Principle: Avoid Optional Dependencies with Default Factories

Optional parameters with default factory patterns (e.g., param: Optional[Type] = None with self.param = param or DefaultType()) are a code smell that hides dependencies and makes code harder to reason about.

Anti-Pattern: Optional Dependencies (❌ Avoid)

# ❌ BAD: Optional dependency with default factory
class StatisticsService:
    def __init__(
        self,
        repo: str,
        metadata_service: MetadataService,
        base_branch: str = "main",
        project_repository: Optional[ProjectRepository] = None  # ❌ Optional
    ):
        self.repo = repo
        self.metadata_service = metadata_service
        self.base_branch = base_branch
        # ❌ Hidden object creation - magic happens here
        self.project_repository = project_repository or ProjectRepository(repo)

Problems with this approach:

Hidden dependencies: Not obvious that ProjectRepository is required
Configuration ambiguity: Unclear if None means "use default" or "not needed"
Testing confusion: Tests still need to pass mocks explicitly, so optionality provides no benefit
Dangerous defaults: If caller forgets to pass it, they get an unintended default silently
Hard to reason about: "Is this actually optional or just convenient?"

Recommended Pattern: Required Dependencies (✅ Use This)

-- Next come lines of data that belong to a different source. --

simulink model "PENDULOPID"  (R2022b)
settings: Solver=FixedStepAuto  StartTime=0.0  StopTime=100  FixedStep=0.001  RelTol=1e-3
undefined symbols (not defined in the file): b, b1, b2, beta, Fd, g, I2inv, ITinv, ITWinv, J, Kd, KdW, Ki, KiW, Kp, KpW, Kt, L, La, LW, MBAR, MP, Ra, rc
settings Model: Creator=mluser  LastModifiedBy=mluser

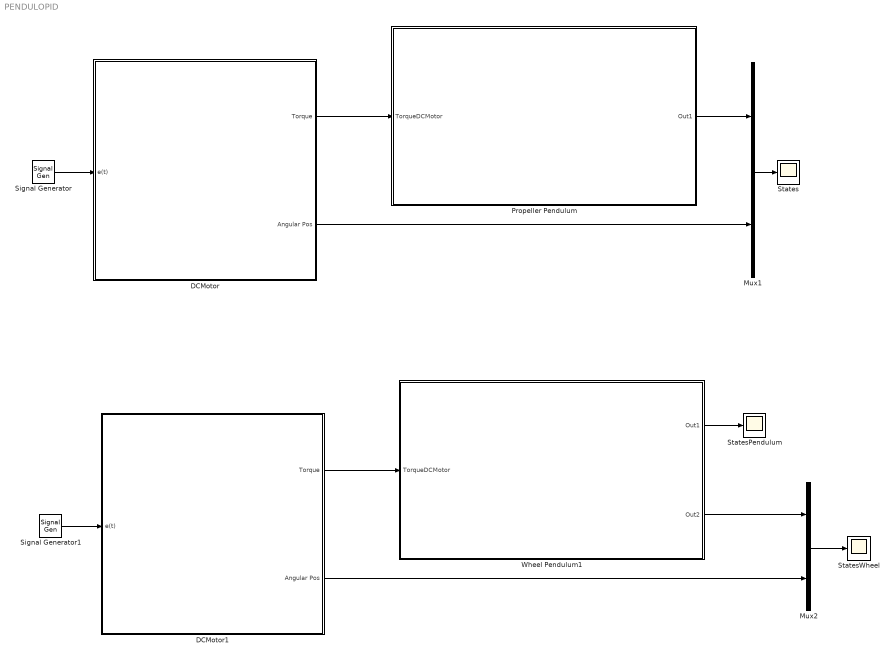
== system PENDULOPID ==
  DCMotor : Subsystem
  DCMotor1 : Subsystem
  Mux1 : Mux  Inputs=2
  Mux2 : Mux  Inputs=2
  Propeller Pendulum : Subsystem
  Signal Generator : SignalGenerator  Units=rad/sec
  Signal Generator1 : SignalGenerator  Units=rad/sec
  States : Scope
  StatesPendulum : Scope
  StatesWheel : Scope
  Wheel Pendulum1 : Subsystem
  wires:
  Signal Generator/1 -> DCMotor/1(e(t))
  DCMotor/1(Torque) -> Propeller Pendulum/1(TorqueDCMotor)
  DCMotor/2(Angular Pos) -> Mux1/2
  Propeller Pendulum/1(Out1) -> Mux1/1
  Mux1/1 -> States/1
  Mux2/1 -> StatesWheel/1
  DCMotor1/2(Angular Pos) -> Mux2/2
  Signal Generator1/1 -> DCMotor1/1(e(t))
  DCMotor1/1(Torque) -> Wheel Pendulum1/1(TorqueDCMotor)
  Wheel Pendulum1/2(Out2) -> Mux2/1
  Wheel Pendulum1/1(Out1) -> StatesPendulum/1

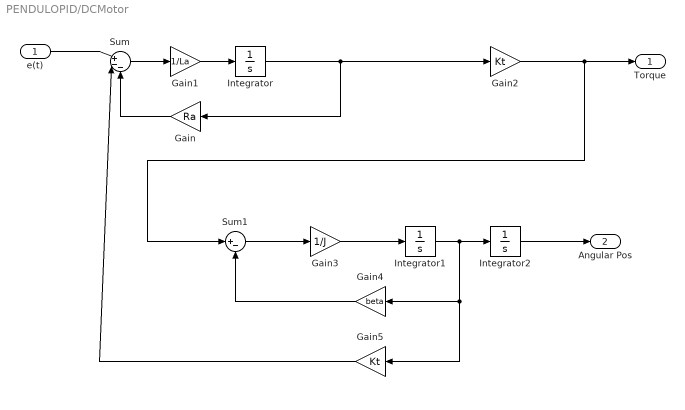
== system PENDULOPID/DCMotor ==
  e(t) : Inport
  Gain : Gain  Gain=Ra
  Gain1 : Gain  Gain=1/La
  Gain2 : Gain  Gain=Kt
  Gain3 : Gain  Gain=1/J
  Gain4 : Gain  Gain=beta
  Gain5 : Gain  Gain=Kt
  Integrator : Integrator
  Integrator1 : Integrator
  Integrator2 : Integrator
  Sum : Sum  Inputs=|+--
  Sum1 : Sum  Inputs=|+-
  Torque : Outport
  Angular Pos : Outport  Port=2
  wires:
  Integrator/1 -> Gain2/1, Gain/1
  Integrator1/1 -> Gain5/1, Gain4/1, Integrator2/1
  Integrator2/1 -> Angular Pos/1
  Gain3/1 -> Integrator1/1
  Sum1/1 -> Gain3/1
  Gain2/1 -> Torque/1, Sum1/1
  Gain4/1 -> Sum1/2
  Gain1/1 -> Integrator/1
  Sum/1 -> Gain1/1
  e(t)/1 -> Sum/1
  Gain/1 -> Sum/3
  Gain5/1 -> Sum/2

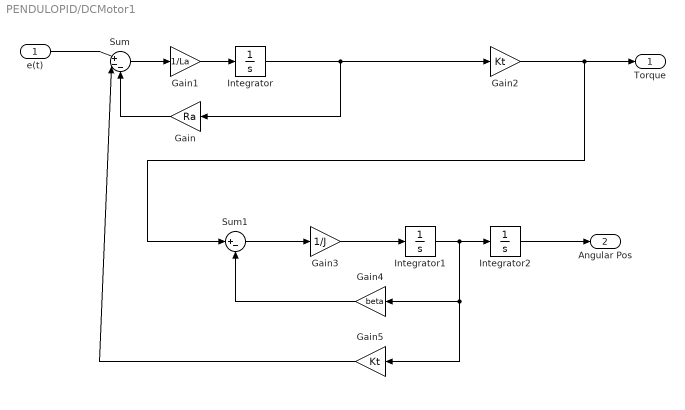
== system PENDULOPID/DCMotor1 ==
  e(t) : Inport
  Gain : Gain  Gain=Ra
  Gain1 : Gain  Gain=1/La
  Gain2 : Gain  Gain=Kt
  Gain3 : Gain  Gain=1/J
  Gain4 : Gain  Gain=beta
  Gain5 : Gain  Gain=Kt
  Integrator : Integrator
  Integrator1 : Integrator
  Integrator2 : Integrator
  Sum : Sum  Inputs=|+--
  Sum1 : Sum  Inputs=|+-
  Torque : Outport
  Angular Pos : Outport  Port=2
  wires:
  Integrator/1 -> Gain2/1, Gain/1
  Integrator1/1 -> Gain5/1, Gain4/1, Integrator2/1
  Integrator2/1 -> Angular Pos/1
  Gain3/1 -> Integrator1/1
  Sum1/1 -> Gain3/1
  Gain2/1 -> Torque/1, Sum1/1
  Gain4/1 -> Sum1/2
  Gain1/1 -> Integrator/1
  Sum/1 -> Gain1/1
  e(t)/1 -> Sum/1
  Gain/1 -> Sum/3
  Gain5/1 -> Sum/2

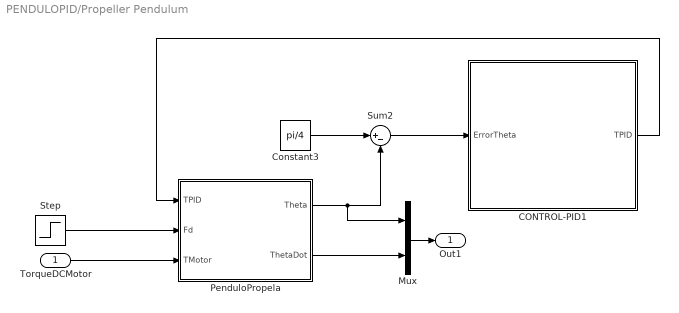
== system PENDULOPID/Propeller Pendulum ==
  TorqueDCMotor : Inport
  CONTROL-PID1 : Subsystem
  Constant3 : Constant  Value=pi/4
  Mux : Mux  Inputs=2
  PenduloPropela : Subsystem
  Step : Step  After=Fd  SampleTime=0
  Sum2 : Sum  Inputs=|+-
  Out1 : Outport
  wires:
  Constant3/1 -> Sum2/1
  PenduloPropela/1(Theta) -> Mux/1, Sum2/2
  PenduloPropela/2(ThetaDot) -> Mux/2
  TorqueDCMotor/1 -> PenduloPropela/3(TMotor)
  Mux/1 -> Out1/1
  Step/1 -> PenduloPropela/2(Fd)
  Sum2/1 -> CONTROL-PID1/1(ErrorTheta)
  CONTROL-PID1/1(TPID) -> PenduloPropela/1(TPID)

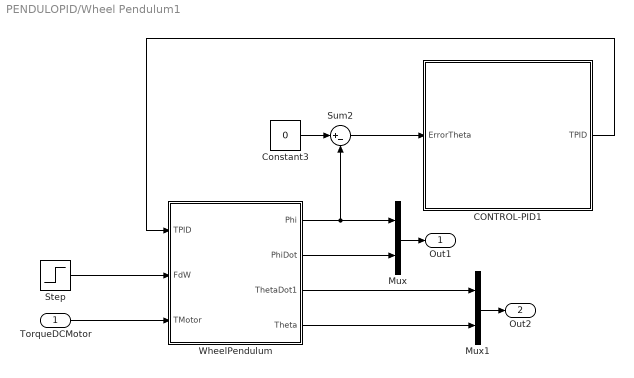
== system PENDULOPID/Wheel Pendulum1 ==
  TorqueDCMotor : Inport
  CONTROL-PID1 : Subsystem
  Constant3 : Constant  Value=0
  Mux : Mux  Inputs=2
  Mux1 : Mux  Inputs=2
  Step : Step  After=Fd  SampleTime=0
  Sum2 : Sum  Inputs=|+-
  WheelPendulum : Subsystem
  Out1 : Outport
  Out2 : Outport  Port=2
  wires:
  Constant3/1 -> Sum2/1
  WheelPendulum/1(Phi) -> Mux/1, Sum2/2
  WheelPendulum/2(PhiDot) -> Mux/2
  TorqueDCMotor/1 -> WheelPendulum/3(TMotor)
  Mux/1 -> Out1/1
  Step/1 -> WheelPendulum/2(FdW)
  Mux1/1 -> Out2/1
  WheelPendulum/3(ThetaDot1) -> Mux1/1
  WheelPendulum/4(Theta) -> Mux1/2
  Sum2/1 -> CONTROL-PID1/1(ErrorTheta)
  CONTROL-PID1/1(TPID) -> WheelPendulum/1(TPID)

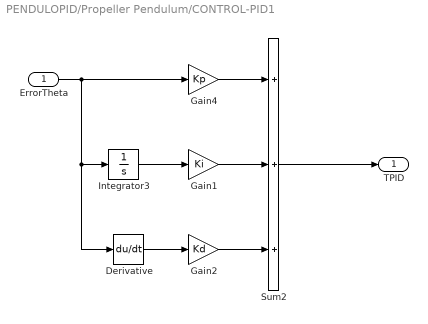
== system PENDULOPID/Propeller Pendulum/CONTROL-PID1 ==
  ErrorTheta : Inport
  Derivative : Derivative  CoefficientInTFapproximation=1/2.8915
  Gain1 : Gain  Gain=Ki
  Gain2 : Gain  Gain=Kd
  Gain4 : Gain  Gain=Kp
  Integrator3 : Integrator  InitialCondition=pi/2
  Sum2 : Sum  Inputs=+++
  TPID : Outport
  wires:
  ErrorTheta/1 -> Derivative/1, Integrator3/1, Gain4/1
  Integrator3/1 -> Gain1/1
  Sum2/1 -> TPID/1
  Derivative/1 -> Gain2/1
  Gain2/1 -> Sum2/3
  Gain1/1 -> Sum2/2
  Gain4/1 -> Sum2/1

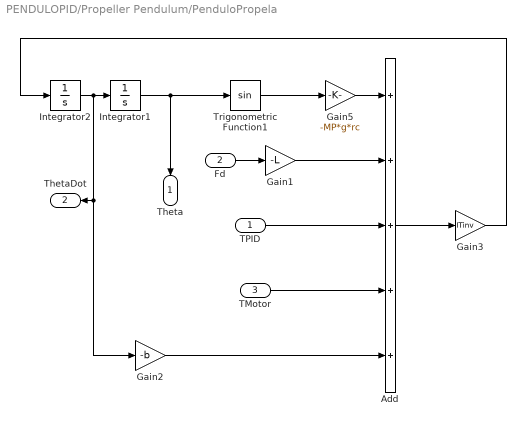
== system PENDULOPID/Propeller Pendulum/PenduloPropela ==
  TPID : Inport
  Fd : Inport  Port=2
  TMotor : Inport  Port=3
  Add : Sum  Inputs=+++++
  Gain1 : Gain  Gain=-L
  Gain2 : Gain  Gain=-b
  Gain3 : Gain  Gain=ITinv
  Gain5 : Gain  Gain=-MP*g*rc
  Integrator1 : Integrator  InitialCondition=pi/2
  Integrator2 : Integrator  InitialCondition=pi/2
  Trigonometric Function1 : Trigonometry
  Theta : Outport
  ThetaDot : Outport  Port=2
  wires:
  Integrator2/1 -> ThetaDot/1, Gain2/1, Integrator1/1
  Integrator1/1 -> Trigonometric Function1/1, Theta/1
  Add/1 -> Gain3/1
  Trigonometric Function1/1 -> Gain5/1
  Gain3/1 -> Integrator2/1
  Fd/1 -> Gain1/1
  Gain5/1 -> Add/1
  Gain1/1 -> Add/2
  TPID/1 -> Add/3
  TMotor/1 -> Add/4
  Gain2/1 -> Add/5

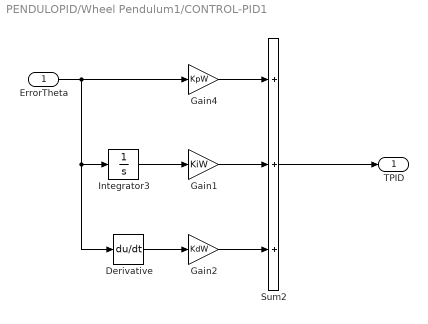
== system PENDULOPID/Wheel Pendulum1/CONTROL-PID1 ==
  ErrorTheta : Inport
  Derivative : Derivative  CoefficientInTFapproximation=1/2.7561
  Gain1 : Gain  Gain=KiW
  Gain2 : Gain  Gain=KdW
  Gain4 : Gain  Gain=KpW
  Integrator3 : Integrator  InitialCondition=pi/2
  Sum2 : Sum  Inputs=+++
  TPID : Outport
  wires:
  ErrorTheta/1 -> Derivative/1, Integrator3/1, Gain4/1
  Integrator3/1 -> Gain1/1
  Sum2/1 -> TPID/1
  Derivative/1 -> Gain2/1
  Gain2/1 -> Sum2/3
  Gain1/1 -> Sum2/2
  Gain4/1 -> Sum2/1

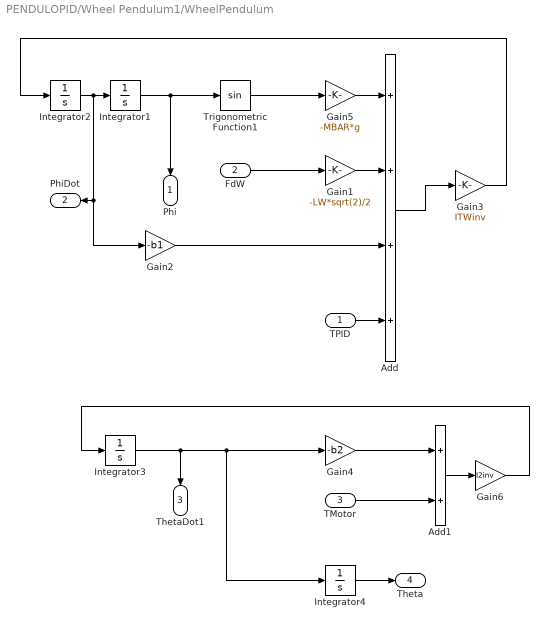
== system PENDULOPID/Wheel Pendulum1/WheelPendulum ==
  TPID : Inport
  FdW : Inport  Port=2
  TMotor : Inport  Port=3
  Add : Sum  Inputs=++++
  Add1 : Sum
  Gain1 : Gain  Gain=-LW*sqrt(2)/2
  Gain2 : Gain  Gain=-b1
  Gain3 : Gain  Gain=ITWinv
  Gain4 : Gain  Gain=-b2
  Gain5 : Gain  Gain=-MBAR*g
  Gain6 : Gain  Gain=I2inv
  Integrator{1..4} (4 alike) : Integrator  InitialCondition=pi/2
  Trigonometric Function1 : Trigonometry
  Phi : Outport
  PhiDot : Outport  Port=2
  ThetaDot1 : Outport  Port=3
  Theta : Outport  Port=4
  wires:
  Integrator2/1 -> PhiDot/1, Gain2/1, Integrator1/1
  Integrator1/1 -> Trigonometric Function1/1, Phi/1
  Add/1 -> Gain3/1
  Gain3/1 -> Integrator2/1
  FdW/1 -> Gain1/1
  Gain5/1 -> Add/1
  Gain1/1 -> Add/2
  Gain2/1 -> Add/3
  Gain4/1 -> Add1/1
  TMotor/1 -> Add1/2
  Add1/1 -> Gain6/1
  Gain6/1 -> Integrator3/1
  Integrator3/1 -> ThetaDot1/1, Integrator4/1, Gain4/1
  Integrator4/1 -> Theta/1
  Trigonometric Function1/1 -> Gain5/1
  TPID/1 -> Add/4

# ✅ GOOD: Required dependency - explicit and clear
class StatisticsService:
    def __init__(
        self,
        repo: str,
        metadata_service: MetadataService,
        project_repository: ProjectRepository,  # ✅ Required, no default
        base_branch: str = "main"
    ):
        """Initialize the statistics service

        Args:
            repo: GitHub repository (owner/name)
            metadata_service: MetadataService instance for accessing metadata
            project_repository: ProjectRepository instance for loading project data
            base_branch: Base branch to fetch specs from (default: "main")
        """
        self.repo = repo
        self.metadata_service = metadata_service
        self.project_repository = project_repository  # ✅ Direct assignment
        self.base_branch = base_branch

In production code:

# ✅ Explicit dependency creation at call site
metadata_store = GitHubMetadataStore(repo)
metadata_service = MetadataService(metadata_store)
project_repository = ProjectRepository(repo)  # ✅ Caller creates it
statistics_service = StatisticsService(
    repo,
    metadata_service,
    project_repository,  # ✅ Explicitly passed
    base_branch
)

In tests:

# ✅ Tests explicitly pass mocks
mock_metadata_service = Mock()
mock_project_repo = Mock()  # ✅ Must create mock
service = StatisticsService(
    "owner/repo",
    mock_metadata_service,
    mock_project_repo,  # ✅ Explicitly mocked
    base_branch="main"
)

Benefits of Required Dependencies

✅ Explicit dependencies: Constructor signature shows exactly what the class needs

✅ No hidden behavior: No magic object creation - what you see is what you get

✅ Clear ownership: Caller is responsible for creating dependencies, not the class

✅ Better testing: Forces explicit mocks, making tests clearer

✅ Fail fast: Missing dependency causes immediate error, not silent defaults

✅ Self-documenting: Code clearly shows all required collaborators

When Optional Parameters Are Acceptable

Optional parameters are acceptable only when they represent:

Truly optional behavior: Feature flags or optional enhancements

def send_notification(message: str, priority: Optional[str] = None):
    # Priority is genuinely optional - default is "normal"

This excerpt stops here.